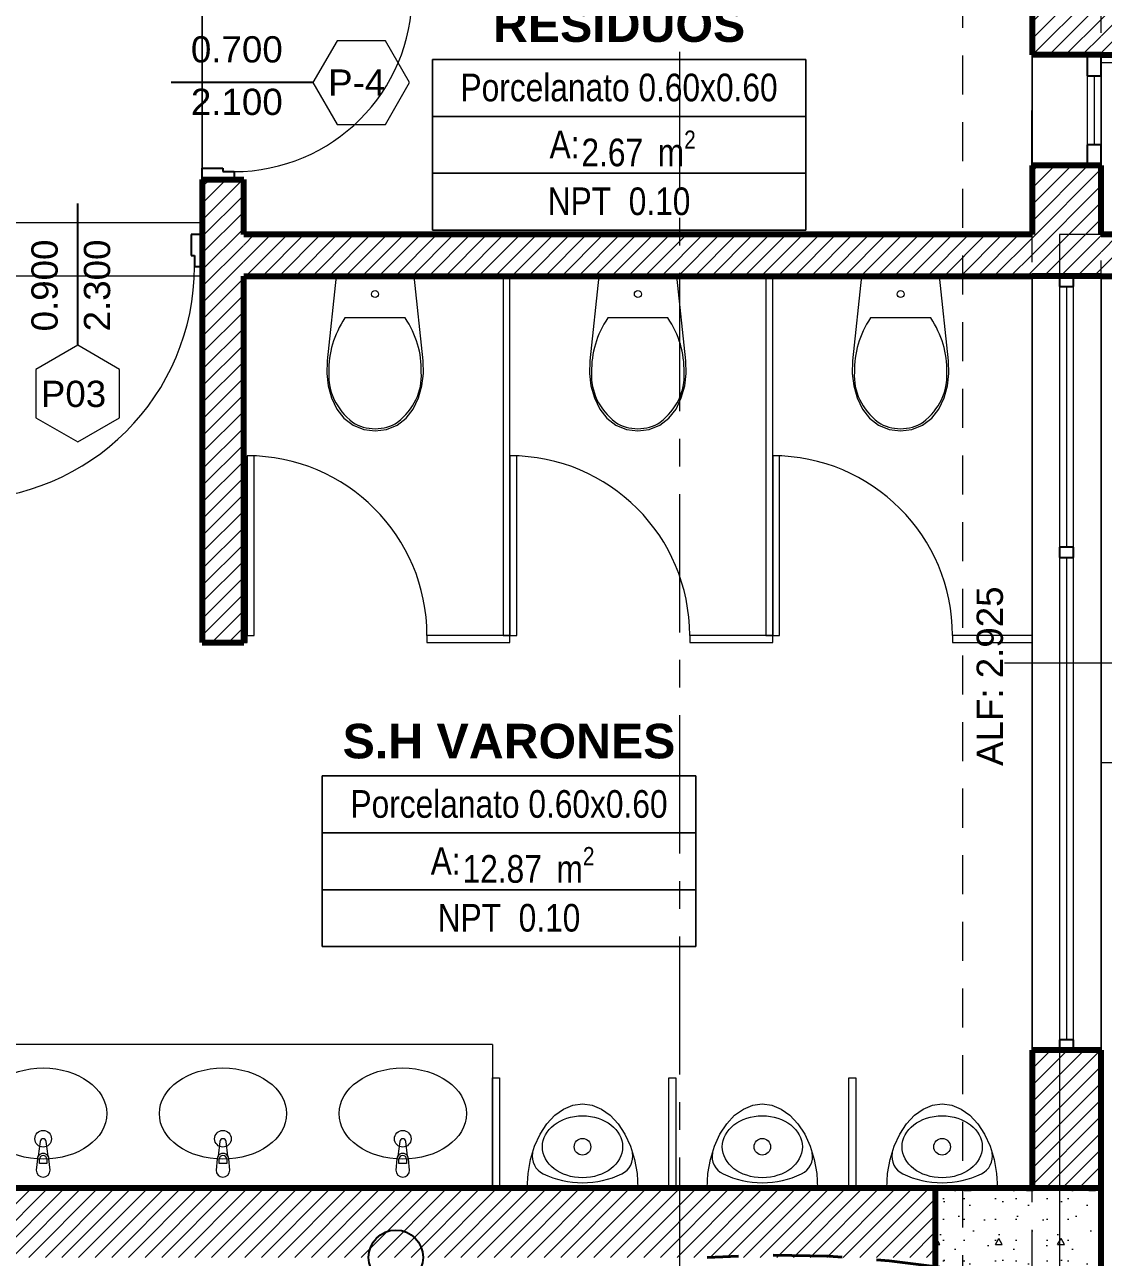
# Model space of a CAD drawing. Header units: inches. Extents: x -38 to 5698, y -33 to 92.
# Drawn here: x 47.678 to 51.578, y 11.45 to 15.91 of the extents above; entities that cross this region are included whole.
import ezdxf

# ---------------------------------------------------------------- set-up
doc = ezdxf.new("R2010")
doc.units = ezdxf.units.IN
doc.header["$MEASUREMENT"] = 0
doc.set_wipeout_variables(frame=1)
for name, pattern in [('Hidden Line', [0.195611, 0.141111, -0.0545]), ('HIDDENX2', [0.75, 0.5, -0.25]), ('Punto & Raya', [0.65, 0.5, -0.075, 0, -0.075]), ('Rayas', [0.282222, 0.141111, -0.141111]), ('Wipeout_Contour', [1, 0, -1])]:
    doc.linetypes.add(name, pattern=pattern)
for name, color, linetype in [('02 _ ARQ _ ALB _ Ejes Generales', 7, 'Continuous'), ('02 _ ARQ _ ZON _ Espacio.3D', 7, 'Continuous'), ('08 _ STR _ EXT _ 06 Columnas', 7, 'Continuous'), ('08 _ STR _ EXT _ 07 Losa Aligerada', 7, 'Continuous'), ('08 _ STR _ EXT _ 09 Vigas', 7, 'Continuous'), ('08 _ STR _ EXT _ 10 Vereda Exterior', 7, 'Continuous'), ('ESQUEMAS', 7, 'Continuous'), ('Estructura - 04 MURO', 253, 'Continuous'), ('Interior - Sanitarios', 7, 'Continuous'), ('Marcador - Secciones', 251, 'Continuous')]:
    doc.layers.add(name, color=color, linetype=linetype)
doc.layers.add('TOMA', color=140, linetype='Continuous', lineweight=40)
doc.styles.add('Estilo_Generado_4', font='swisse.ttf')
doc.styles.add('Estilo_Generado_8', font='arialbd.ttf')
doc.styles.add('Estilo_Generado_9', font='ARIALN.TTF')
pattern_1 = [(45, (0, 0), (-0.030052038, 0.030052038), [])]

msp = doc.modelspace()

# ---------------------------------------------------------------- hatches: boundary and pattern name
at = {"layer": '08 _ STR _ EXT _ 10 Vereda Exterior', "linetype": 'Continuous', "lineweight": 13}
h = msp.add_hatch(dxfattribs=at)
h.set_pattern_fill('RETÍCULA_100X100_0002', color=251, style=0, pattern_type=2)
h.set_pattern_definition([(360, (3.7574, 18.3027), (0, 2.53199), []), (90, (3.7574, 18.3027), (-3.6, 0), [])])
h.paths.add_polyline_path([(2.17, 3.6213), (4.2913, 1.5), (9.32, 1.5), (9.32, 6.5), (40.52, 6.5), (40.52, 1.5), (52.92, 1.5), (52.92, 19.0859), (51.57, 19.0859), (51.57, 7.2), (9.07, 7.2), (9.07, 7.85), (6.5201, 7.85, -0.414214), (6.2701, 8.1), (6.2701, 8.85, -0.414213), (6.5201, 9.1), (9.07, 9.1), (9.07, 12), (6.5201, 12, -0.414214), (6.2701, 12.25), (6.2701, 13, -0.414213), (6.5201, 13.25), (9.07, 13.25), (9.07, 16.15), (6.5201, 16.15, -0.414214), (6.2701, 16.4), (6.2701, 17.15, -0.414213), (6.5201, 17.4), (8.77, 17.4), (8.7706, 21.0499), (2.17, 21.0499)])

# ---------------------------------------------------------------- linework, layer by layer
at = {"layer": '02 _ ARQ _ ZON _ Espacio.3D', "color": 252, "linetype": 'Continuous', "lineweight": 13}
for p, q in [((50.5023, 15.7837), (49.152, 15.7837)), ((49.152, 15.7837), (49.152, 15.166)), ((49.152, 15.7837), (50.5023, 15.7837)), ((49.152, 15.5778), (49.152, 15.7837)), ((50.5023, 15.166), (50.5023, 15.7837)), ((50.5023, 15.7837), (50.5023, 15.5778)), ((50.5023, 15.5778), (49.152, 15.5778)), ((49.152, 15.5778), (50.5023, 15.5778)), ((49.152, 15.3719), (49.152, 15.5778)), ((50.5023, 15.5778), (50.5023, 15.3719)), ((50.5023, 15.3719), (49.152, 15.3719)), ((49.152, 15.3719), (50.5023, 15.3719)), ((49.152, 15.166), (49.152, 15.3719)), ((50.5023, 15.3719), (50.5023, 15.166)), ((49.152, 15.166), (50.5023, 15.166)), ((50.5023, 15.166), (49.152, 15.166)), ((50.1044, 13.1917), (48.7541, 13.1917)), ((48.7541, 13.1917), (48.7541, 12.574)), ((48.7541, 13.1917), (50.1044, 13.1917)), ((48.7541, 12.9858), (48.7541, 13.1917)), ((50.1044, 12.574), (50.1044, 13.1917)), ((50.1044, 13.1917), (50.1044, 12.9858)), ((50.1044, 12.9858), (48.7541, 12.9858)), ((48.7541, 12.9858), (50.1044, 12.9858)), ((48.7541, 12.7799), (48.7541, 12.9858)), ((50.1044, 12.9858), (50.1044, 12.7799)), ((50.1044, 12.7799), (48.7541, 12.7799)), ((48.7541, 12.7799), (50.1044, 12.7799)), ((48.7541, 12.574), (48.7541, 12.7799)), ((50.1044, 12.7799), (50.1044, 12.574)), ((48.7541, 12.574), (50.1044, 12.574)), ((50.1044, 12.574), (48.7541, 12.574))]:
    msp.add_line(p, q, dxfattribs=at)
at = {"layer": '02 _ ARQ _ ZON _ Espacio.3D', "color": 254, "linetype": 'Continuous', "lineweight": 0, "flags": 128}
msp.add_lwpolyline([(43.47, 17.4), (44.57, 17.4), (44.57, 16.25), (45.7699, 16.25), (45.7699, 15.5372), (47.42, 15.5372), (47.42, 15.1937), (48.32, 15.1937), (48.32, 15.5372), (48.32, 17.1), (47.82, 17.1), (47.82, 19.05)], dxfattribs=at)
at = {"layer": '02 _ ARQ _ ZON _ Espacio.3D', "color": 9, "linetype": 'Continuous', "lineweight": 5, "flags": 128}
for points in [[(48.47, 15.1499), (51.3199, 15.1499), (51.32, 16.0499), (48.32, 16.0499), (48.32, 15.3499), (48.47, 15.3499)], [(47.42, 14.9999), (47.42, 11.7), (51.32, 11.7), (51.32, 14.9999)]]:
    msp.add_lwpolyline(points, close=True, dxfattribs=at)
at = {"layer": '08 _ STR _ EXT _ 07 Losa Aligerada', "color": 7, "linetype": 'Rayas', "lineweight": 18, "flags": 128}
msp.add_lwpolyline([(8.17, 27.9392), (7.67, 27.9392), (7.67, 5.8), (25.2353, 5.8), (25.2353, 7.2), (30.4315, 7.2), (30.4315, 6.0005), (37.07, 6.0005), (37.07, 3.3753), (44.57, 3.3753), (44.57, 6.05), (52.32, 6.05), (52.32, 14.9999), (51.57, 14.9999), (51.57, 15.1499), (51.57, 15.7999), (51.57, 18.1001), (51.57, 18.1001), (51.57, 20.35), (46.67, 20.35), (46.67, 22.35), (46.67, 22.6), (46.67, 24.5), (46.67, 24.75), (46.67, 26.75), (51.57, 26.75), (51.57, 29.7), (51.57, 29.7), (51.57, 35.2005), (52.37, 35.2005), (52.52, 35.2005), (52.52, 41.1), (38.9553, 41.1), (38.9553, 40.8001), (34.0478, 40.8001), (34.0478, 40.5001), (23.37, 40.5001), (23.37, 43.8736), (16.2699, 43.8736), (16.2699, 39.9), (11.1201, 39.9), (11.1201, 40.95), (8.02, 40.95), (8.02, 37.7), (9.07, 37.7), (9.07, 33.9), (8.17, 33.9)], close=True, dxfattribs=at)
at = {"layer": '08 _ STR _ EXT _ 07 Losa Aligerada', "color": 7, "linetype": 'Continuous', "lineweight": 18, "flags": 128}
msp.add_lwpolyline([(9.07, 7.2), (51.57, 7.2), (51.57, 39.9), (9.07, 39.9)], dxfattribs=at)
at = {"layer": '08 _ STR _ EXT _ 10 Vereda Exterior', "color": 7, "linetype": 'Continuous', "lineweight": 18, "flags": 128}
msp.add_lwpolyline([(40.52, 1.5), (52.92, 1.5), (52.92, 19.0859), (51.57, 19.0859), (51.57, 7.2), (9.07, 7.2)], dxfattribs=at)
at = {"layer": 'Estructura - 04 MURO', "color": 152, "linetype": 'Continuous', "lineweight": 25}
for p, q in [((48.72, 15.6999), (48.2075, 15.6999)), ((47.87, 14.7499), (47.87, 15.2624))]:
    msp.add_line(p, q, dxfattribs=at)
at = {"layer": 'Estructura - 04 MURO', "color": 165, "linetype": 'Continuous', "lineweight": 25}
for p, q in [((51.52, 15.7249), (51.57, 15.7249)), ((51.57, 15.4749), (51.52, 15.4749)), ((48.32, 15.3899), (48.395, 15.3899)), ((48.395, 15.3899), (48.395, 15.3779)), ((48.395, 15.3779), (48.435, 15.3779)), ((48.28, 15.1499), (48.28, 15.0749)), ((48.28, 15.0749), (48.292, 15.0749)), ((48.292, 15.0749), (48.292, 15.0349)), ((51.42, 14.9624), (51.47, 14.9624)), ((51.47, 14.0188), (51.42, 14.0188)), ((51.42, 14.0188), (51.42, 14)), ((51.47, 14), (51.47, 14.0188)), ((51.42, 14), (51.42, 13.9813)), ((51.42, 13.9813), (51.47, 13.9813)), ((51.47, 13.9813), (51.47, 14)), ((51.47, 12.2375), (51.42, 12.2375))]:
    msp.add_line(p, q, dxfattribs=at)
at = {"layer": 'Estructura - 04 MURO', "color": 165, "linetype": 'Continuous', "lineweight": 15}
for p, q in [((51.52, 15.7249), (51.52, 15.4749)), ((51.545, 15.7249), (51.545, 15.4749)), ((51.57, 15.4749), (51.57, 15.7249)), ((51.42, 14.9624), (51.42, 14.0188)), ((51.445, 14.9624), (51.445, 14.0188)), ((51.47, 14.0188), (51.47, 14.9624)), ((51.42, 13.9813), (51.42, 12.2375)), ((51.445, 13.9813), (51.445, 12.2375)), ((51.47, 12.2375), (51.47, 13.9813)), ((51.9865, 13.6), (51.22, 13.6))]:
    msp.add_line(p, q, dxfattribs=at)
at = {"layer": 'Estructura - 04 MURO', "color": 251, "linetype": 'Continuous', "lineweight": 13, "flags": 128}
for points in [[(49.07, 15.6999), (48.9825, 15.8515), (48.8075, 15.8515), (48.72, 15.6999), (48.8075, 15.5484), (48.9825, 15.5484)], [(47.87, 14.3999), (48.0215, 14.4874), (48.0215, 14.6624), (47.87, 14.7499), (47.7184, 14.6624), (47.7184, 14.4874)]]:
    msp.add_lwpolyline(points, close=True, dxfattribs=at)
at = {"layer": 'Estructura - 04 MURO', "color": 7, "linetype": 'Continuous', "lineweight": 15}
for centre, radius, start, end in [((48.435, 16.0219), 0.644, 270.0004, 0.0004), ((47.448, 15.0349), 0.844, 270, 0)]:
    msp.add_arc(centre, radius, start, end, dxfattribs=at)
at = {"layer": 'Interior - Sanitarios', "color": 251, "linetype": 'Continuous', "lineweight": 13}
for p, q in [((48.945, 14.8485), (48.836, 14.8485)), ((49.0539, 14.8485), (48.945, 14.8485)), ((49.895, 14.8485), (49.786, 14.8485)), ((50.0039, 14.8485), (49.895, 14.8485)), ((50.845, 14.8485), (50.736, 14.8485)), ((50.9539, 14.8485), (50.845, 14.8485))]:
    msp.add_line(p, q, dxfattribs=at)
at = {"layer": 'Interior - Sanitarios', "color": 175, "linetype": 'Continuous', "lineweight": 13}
---+---
> _TASK REQUIREMENTS_:
Copy nothing but the lines from the top of the data down to the line containing "18.3027), (-3.6, 0), [])])", and leave the pictures out.

> _RESULT FOR THIS EXERCISE_:
# Model space of a CAD drawing. Header units: inches. Extents: x -38 to 5698, y -33 to 92.
# Drawn here: x 47.678 to 51.578, y 11.45 to 15.91 of the extents above; entities that cross this region are included whole.
import ezdxf

# ---------------------------------------------------------------- set-up
doc = ezdxf.new("R2010")
doc.units = ezdxf.units.IN
doc.header["$MEASUREMENT"] = 0
doc.set_wipeout_variables(frame=1)
for name, pattern in [('Hidden Line', [0.195611, 0.141111, -0.0545]), ('HIDDENX2', [0.75, 0.5, -0.25]), ('Punto & Raya', [0.65, 0.5, -0.075, 0, -0.075]), ('Rayas', [0.282222, 0.141111, -0.141111]), ('Wipeout_Contour', [1, 0, -1])]:
    doc.linetypes.add(name, pattern=pattern)
for name, color, linetype in [('02 _ ARQ _ ALB _ Ejes Generales', 7, 'Continuous'), ('02 _ ARQ _ ZON _ Espacio.3D', 7, 'Continuous'), ('08 _ STR _ EXT _ 06 Columnas', 7, 'Continuous'), ('08 _ STR _ EXT _ 07 Losa Aligerada', 7, 'Continuous'), ('08 _ STR _ EXT _ 09 Vigas', 7, 'Continuous'), ('08 _ STR _ EXT _ 10 Vereda Exterior', 7, 'Continuous'), ('ESQUEMAS', 7, 'Continuous'), ('Estructura - 04 MURO', 253, 'Continuous'), ('Interior - Sanitarios', 7, 'Continuous'), ('Marcador - Secciones', 251, 'Continuous')]:
    doc.layers.add(name, color=color, linetype=linetype)
doc.layers.add('TOMA', color=140, linetype='Continuous', lineweight=40)
doc.styles.add('Estilo_Generado_4', font='swisse.ttf')
doc.styles.add('Estilo_Generado_8', font='arialbd.ttf')
doc.styles.add('Estilo_Generado_9', font='ARIALN.TTF')
pattern_1 = [(45, (0, 0), (-0.030052038, 0.030052038), [])]

msp = doc.modelspace()

# ---------------------------------------------------------------- hatches: boundary and pattern name
at = {"layer": '08 _ STR _ EXT _ 10 Vereda Exterior', "linetype": 'Continuous', "lineweight": 13}
h = msp.add_hatch(dxfattribs=at)
h.set_pattern_fill('RETÍCULA_100X100_0002', color=251, style=0, pattern_type=2)
h.set_pattern_definition([(360, (3.7574, 18.3027), (0, 2.53199), []), (90, (3.7574, 18.3027), (-3.6, 0), [])])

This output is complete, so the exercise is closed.